> **Work instruction**
In the data below, the answer is the run of lines from the line containing "blk = doc.blocks.new('Штамп фамилии')" through the line containing "blk = doc.blocks.new('A$C31D65421')", both included; print it exactly and nothing else.

··· Data ···

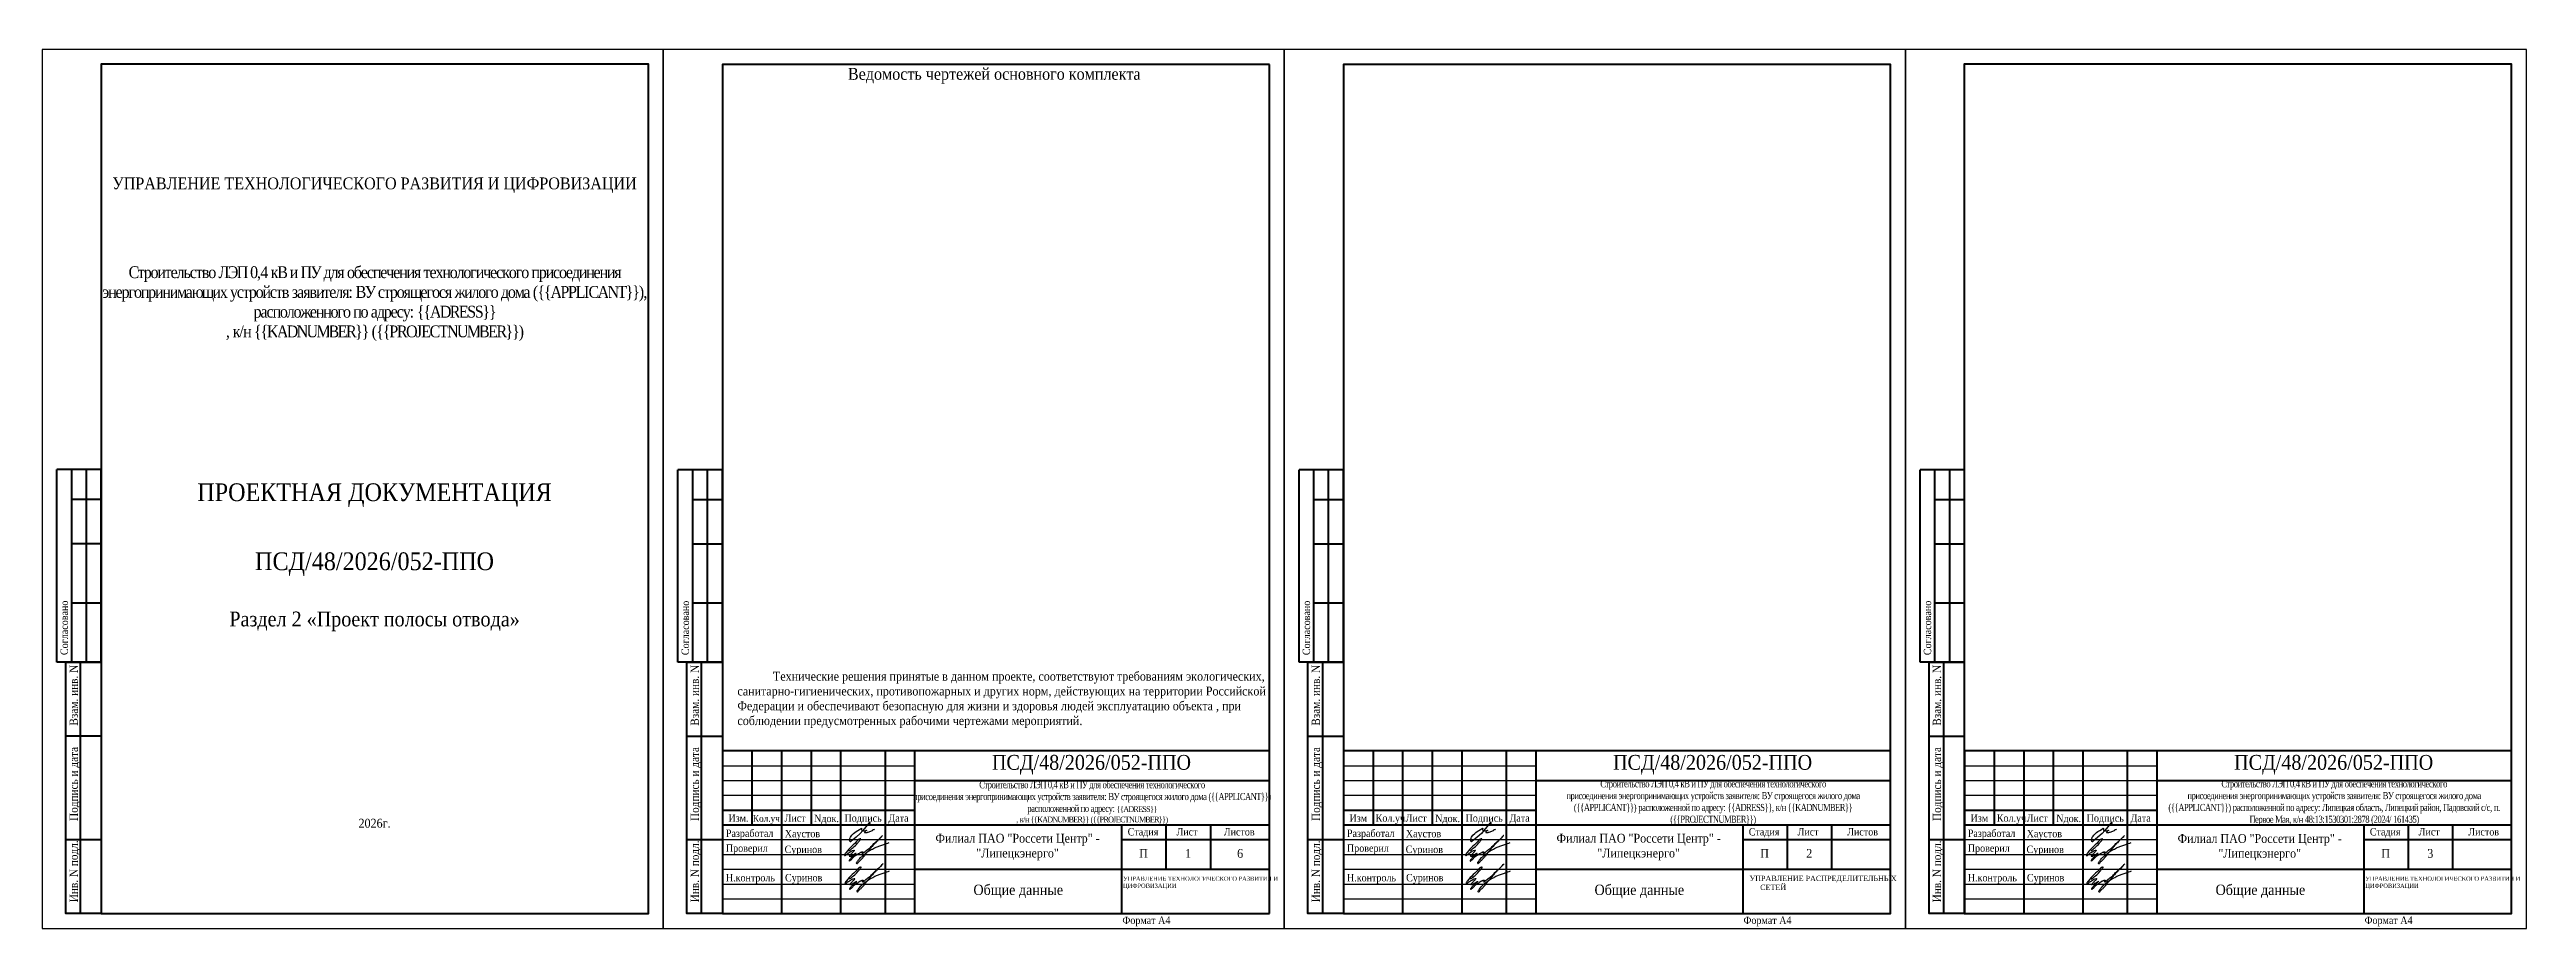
# Model space of a CAD drawing. Header units: millimetres. Extents: x 2174 to 9129, y 1758 to 2055.
# Drawn here: x 4066 to 4904, y 1758 to 2055 of the extents above; entities that cross this region are included whole.
import ezdxf

# ---------------------------------------------------------------- set-up
doc = ezdxf.new("R2010")
doc.units = ezdxf.units.MM
doc.layers.add('П', color=7, linetype='Continuous')
doc.layers.add('Чертеж', color=7, linetype='Continuous')
doc.styles.add('СПДС_BOLD', font='Times New Roman.ttf', dxfattribs={"width": 0.8})
doc.styles.add('стиль1', font='Times New Roman.ttf', dxfattribs={"width": 0.9, "height": 2})
doc.styles.add('стиль2', font='Times New Roman.ttf', dxfattribs={"width": 0.9, "height": 2.5})

# ---------------------------------------------------------------- blocks, each defined once
blk = doc.blocks.new('Штамп б')
at = {"lineweight": 70}
for points in [[(20, 0), (8, 0), (8, 85), (20, 85)], [(13, 0), (13, 85)], [(8, 60), (20, 60)], [(8, 25), (20, 25)]]:
    blk.add_lwpolyline(points, dxfattribs=at)
at = {"lineweight": 25, "style": 'стиль1', "width": 0.9}
for s, p in [('Взам. инв. N', (12.06, 63.49)), ('Подпись и дата', (12.06, 31.28)), ('Инв. N подл.', (12.06, 3.82))]:
    blk.add_text(s, height=2.8, rotation=90, dxfattribs=at).set_placement(p)
blk = doc.blocks.new('A$C5B0935FB')
at = {"lineweight": 70}
for p, q in [((20, 65), (5, 65)), ((5, 0), (5, 65)), ((10, 55), (10, 65)), ((15, 0), (15, 65)), ((20, 0), (20, 65)), ((10, 40), (10, 55)), ((10, 55), (20, 55)), ((10, 20), (10, 40)), ((10, 40), (20, 40)), ((10, 0), (10, 20)), ((10, 20), (20, 20)), ((10, 0), (5, 0)), ((15, 0), (10, 0)), ((20, 0), (15, 0)), ((15, 0), (15, 0))]:
    blk.add_line(p, q, dxfattribs=at)
at = {"lineweight": 25, "style": 'стиль1', "width": 0.9}
blk.add_text('Согласовано', height=2.5, rotation=90, dxfattribs=at).set_placement((8.72, 2.35))
blk = doc.blocks.new('A$C7F1F469D')
at = {"color": 5, "lineweight": 25}
blk.add_spline([(-0.1, 1.78), (1.34, 2.93), (2.75, 4.33), (3.55, 5.31), (3.81, 5.64), (3.86, 5.8), (3.66, 5.81), (3.25, 5.7), (2.89, 5.36), (-1.09, 1.26), (-1.29, 0.98), (-1.47, 0.67), (-1.59, 0.28), (-1.54, 0.16), (-0.98, 0.55), (-0.42, 1.01), (0.34, 1.44), (1.08, 1.86), (1.69, 1.97), (1.62, 1.83), (1.26, 1.37), (0.56, 0.61), (0.16, 0.22), (0, 0), (0.24, -0.04), (0.82, 0.16), (1.44, 0.58), (2.18, 0.95), (2.33, 1.04), (1.93, 0.58), (1.28, 0.02), (0.64, -0.58), (0.1, -1.31), (-0.06, -1.68), (0.13, -1.59), (0.39, -1.41), (1.23, -0.56), (1.62, -0.16), (2.27, 0.27), (2.82, 0.65), (3.41, 1.04), (3.83, 1.25), (4.1, 1.35), (4.33, 1.44), (4.56, 1.45), (4.6, 1.35), (4.48, 1.19), (4.35, 0.92), (4.39, 0.82), (4.59, 0.91), (5.09, 1.34), (6.19, 2.18), (7.41, 3.21), (8.36, 4.22), (9.62, 5.31), (10.99, 6.68), (11.27, 6.98), (9.83, 5.51), (8.6, 4.26), (7.7, 3.28), (7.2, 2.7), (6.74, 2.12), (6.16, 1.41), (5.49, 0.62), (4.74, -0.34), (3.92, -1.29), (3.19, -1.94), (2.91, -2.31), (2.67, -2.58), (2.52, -2.55), (2.49, -2.26), (2.69, -1.9), (3.27, -1.11), (3.8, -0.52), (4.48, 0.07), (5.33, 0.79), (5.97, 1.29), (6.7, 1.77), (7.56, 2.21), (8.83, 2.91), (10.02, 3.35), (11.36, 3.83), (12.55, 4.24), (13.47, 4.57)], degree=3, dxfattribs=at)
blk = doc.blocks.new('Штамп фамилии')
at = {"layer": 'Чертеж', "color": 5, "lineweight": -2}
blk.add_lwpolyline([(47.47, 1.66), (47.54, 1.79), (47.62, 1.93), (47.66, 2.01), (47.7, 2.07), (47.73, 2.13), (47.76, 2.19), (47.76, 2.23), (47.76, 2.32), (47.74, 2.37), (47.71, 2.39), (47.66, 2.4), (47.61, 2.4), (47.56, 2.39), (47.52, 2.38), (47.44, 2.34), (47.38, 2.3), (47.33, 2.24), (47.26, 2.13), (45.27, -0.3), (44.41, -1.31), (42.95, -2.62), (41.21, -4.09), (41.09, -4.15), (41.01, -4.12), (40.97, -4.09), (40.93, -4.02), (40.86, -3.9), (40.8, -3.74), (40.79, -3.59), (40.79, -3.44), (40.82, -3.28), (40.86, -3.13), (40.9, -3.03), (40.96, -2.83), (41.05, -2.63), (41.29, -2.27), (41.56, -1.95), (42.15, -1.36), (42.5, -1), (42.96, -0.67), (43.54, -0.31), (44.11, 0.04), (44.76, 0.4), (44.84, 0.38), (44.86, 0.35), (44.86, 0.3), (44.81, -0.06), (44.88, -0.21), (44.95, -0.28), (45, -0.32), (45.11, -0.38), (45.27, -0.4), (45.46, -0.4), (46.3, -0.35), (46.39, -0.27), (46.46, -0.24), (46.48, -0.25), (46.48, -0.28), (46.47, -0.31), (46.46, -0.34), (46.44, -0.36), (46.39, -0.4), (46.28, -0.48), (45.92, -0.78), (45.89, -0.84), (45.87, -0.89), (45.87, -0.96), (45.9, -1), (46.03, -1.01), (46.17, -1), (46.59, -1), (46.68, -0.99), (46.84, -0.94), (47.03, -0.86), (48.5, -0.28), (48.66, -0.16), (48.81, -0.05), (48.96, 0.03), (49.07, 0.06), (49.21, 0.13)], dxfattribs=at)
at = {"layer": 'Чертеж', "color": 67, "lineweight": -2, "true_color": 0x727430}
for p in [(40.67, -8.99), (40.81, -18.55)]:
    blk.add_blockref('A$C7F1F469D', p, dxfattribs=at)
at = {"color": 7, "char_height": 2.5, "attachment_point": 4, "style": 'стиль1'}
for s, insert, width in [(' Разработал', (-1.9, -1.68), 17), (' Проверил', (-1.9, -6.68), 17), ('Хаустов', (18.85, -1.78), 20), (' Суринов', (17.96, -7.12), 20), (' Н.контроль', (-1.9, -16.68), 17), (' Суринов', (18.1, -16.68), 20)]:
    blk.add_mtext(s, dxfattribs=dict(at, insert=insert, width=width))
blk = doc.blocks.new('A$C31D65421')
blk.add_blockref('Штамп фамилии', (2.24, 18.43))

msp = doc.modelspace()

# ---------------------------------------------------------------- linework, layer by layer
at = {"layer": 'П', "linetype": 'Continuous', "lineweight": 0}
for points in [[(4063.703, 2055.49), (4273.703, 2055.49), (4273.703, 1758.49), (4063.703, 1758.49)], [(4273.703, 2055.49), (4483.703, 2055.49), (4483.703, 1758.49), (4273.703, 1758.49)], [(4483.703, 2055.49), (4693.703, 2055.49), (4693.703, 1758.49), (4483.703, 1758.49)]]:
    msp.add_lwpolyline(points, close=True, dxfattribs=at)
at = {"layer": 'П', "lineweight": 30}
for points in [[(4063.703, 1758.49), (4273.703, 1758.49), (4273.703, 2055.49), (4063.703, 2055.49)], [(4273.703, 1758.49), (4483.703, 1758.49), (4483.703, 2055.49), (4273.703, 2055.49)], [(4483.703, 1758.49), (4693.703, 1758.49), (4693.703, 2055.49), (4483.703, 2055.49)], [(4693.703, 1758.49), (4903.703, 1758.49), (4903.703, 2055.49), (4693.703, 2055.49)]]:
    msp.add_lwpolyline(points, close=True, dxfattribs=at)
at = {"layer": 'Чертеж', "lineweight": 70}
for p, q in [((4478.703, 1763.49), (4478.703, 2050.49)), ((4478.703, 1818.49), (4293.703, 1818.49)), ((4293.703, 1818.49), (4293.703, 1763.49)), ((4688.703, 1818.49), (4503.703, 1818.49)), ((4503.703, 1818.49), (4503.703, 1763.49)), ((4898.703, 1818.49), (4713.703, 1818.49)), ((4713.703, 1818.49), (4713.703, 1763.49))]:
    msp.add_line(p, q, dxfattribs=at)
msp.add_lwpolyline([(4083.72, 1763.525), (4268.72, 1763.525), (4268.72, 2050.525), (4083.72, 2050.525)], close=True, dxfattribs=at)
at = {"layer": 'Чертеж', "lineweight": 50}
msp.add_lwpolyline([(4478.703, 2050.49), (4293.703, 2050.49), (4293.703, 1763.49)], dxfattribs=at)
at = {"layer": 'Чертеж', "linetype": 'Continuous', "lineweight": 70}
for points in [[(4503.703, 1763.49), (4688.703, 1763.49), (4688.703, 2050.49), (4503.703, 2050.49)], [(4713.626, 1763.532), (4898.626, 1763.532), (4898.626, 2050.532), (4713.626, 2050.532)]]:
    msp.add_lwpolyline(points, close=True, dxfattribs=at)
at = {"layer": 'Чертеж', "lineweight": 70}
for points in [[(4303.703, 1818.49), (4303.703, 1793.49)], [(4313.703, 1818.49), (4313.703, 1763.49)], [(4323.703, 1818.49), (4323.703, 1793.49)], [(4333.703, 1818.49), (4333.703, 1763.49)], [(4348.703, 1818.49), (4348.703, 1763.49)], [(4358.703, 1818.49), (4358.703, 1763.49)], [(4513.703, 1818.49), (4513.703, 1793.49)], [(4523.703, 1818.49), (4523.703, 1763.49)], [(4533.703, 1818.49), (4533.703, 1793.49)], [(4543.703, 1818.49), (4543.703, 1763.49)], [(4558.703, 1818.49), (4558.703, 1763.49)], [(4568.703, 1818.49), (4568.703, 1763.49)], [(4723.703, 1818.49), (4723.703, 1793.49)], [(4733.703, 1818.49), (4733.703, 1763.49)], [(4743.703, 1818.49), (4743.703, 1793.49)], [(4753.703, 1818.49), (4753.703, 1763.49)], [(4768.703, 1818.49), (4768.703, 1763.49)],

···

> **Result for this task**
blk = doc.blocks.new('Штамп фамилии')
at = {"layer": 'Чертеж', "color": 5, "lineweight": -2}
blk.add_lwpolyline([(47.47, 1.66), (47.54, 1.79), (47.62, 1.93), (47.66, 2.01), (47.7, 2.07), (47.73, 2.13), (47.76, 2.19), (47.76, 2.23), (47.76, 2.32), (47.74, 2.37), (47.71, 2.39), (47.66, 2.4), (47.61, 2.4), (47.56, 2.39), (47.52, 2.38), (47.44, 2.34), (47.38, 2.3), (47.33, 2.24), (47.26, 2.13), (45.27, -0.3), (44.41, -1.31), (42.95, -2.62), (41.21, -4.09), (41.09, -4.15), (41.01, -4.12), (40.97, -4.09), (40.93, -4.02), (40.86, -3.9), (40.8, -3.74), (40.79, -3.59), (40.79, -3.44), (40.82, -3.28), (40.86, -3.13), (40.9, -3.03), (40.96, -2.83), (41.05, -2.63), (41.29, -2.27), (41.56, -1.95), (42.15, -1.36), (42.5, -1), (42.96, -0.67), (43.54, -0.31), (44.11, 0.04), (44.76, 0.4), (44.84, 0.38), (44.86, 0.35), (44.86, 0.3), (44.81, -0.06), (44.88, -0.21), (44.95, -0.28), (45, -0.32), (45.11, -0.38), (45.27, -0.4), (45.46, -0.4), (46.3, -0.35), (46.39, -0.27), (46.46, -0.24), (46.48, -0.25), (46.48, -0.28), (46.47, -0.31), (46.46, -0.34), (46.44, -0.36), (46.39, -0.4), (46.28, -0.48), (45.92, -0.78), (45.89, -0.84), (45.87, -0.89), (45.87, -0.96), (45.9, -1), (46.03, -1.01), (46.17, -1), (46.59, -1), (46.68, -0.99), (46.84, -0.94), (47.03, -0.86), (48.5, -0.28), (48.66, -0.16), (48.81, -0.05), (48.96, 0.03), (49.07, 0.06), (49.21, 0.13)], dxfattribs=at)
at = {"layer": 'Чертеж', "color": 67, "lineweight": -2, "true_color": 0x727430}
for p in [(40.67, -8.99), (40.81, -18.55)]:
    blk.add_blockref('A$C7F1F469D', p, dxfattribs=at)
at = {"color": 7, "char_height": 2.5, "attachment_point": 4, "style": 'стиль1'}
for s, insert, width in [(' Разработал', (-1.9, -1.68), 17), (' Проверил', (-1.9, -6.68), 17), ('Хаустов', (18.85, -1.78), 20), (' Суринов', (17.96, -7.12), 20), (' Н.контроль', (-1.9, -16.68), 17), (' Суринов', (18.1, -16.68), 20)]:
    blk.add_mtext(s, dxfattribs=dict(at, insert=insert, width=width))
blk = doc.blocks.new('A$C31D65421')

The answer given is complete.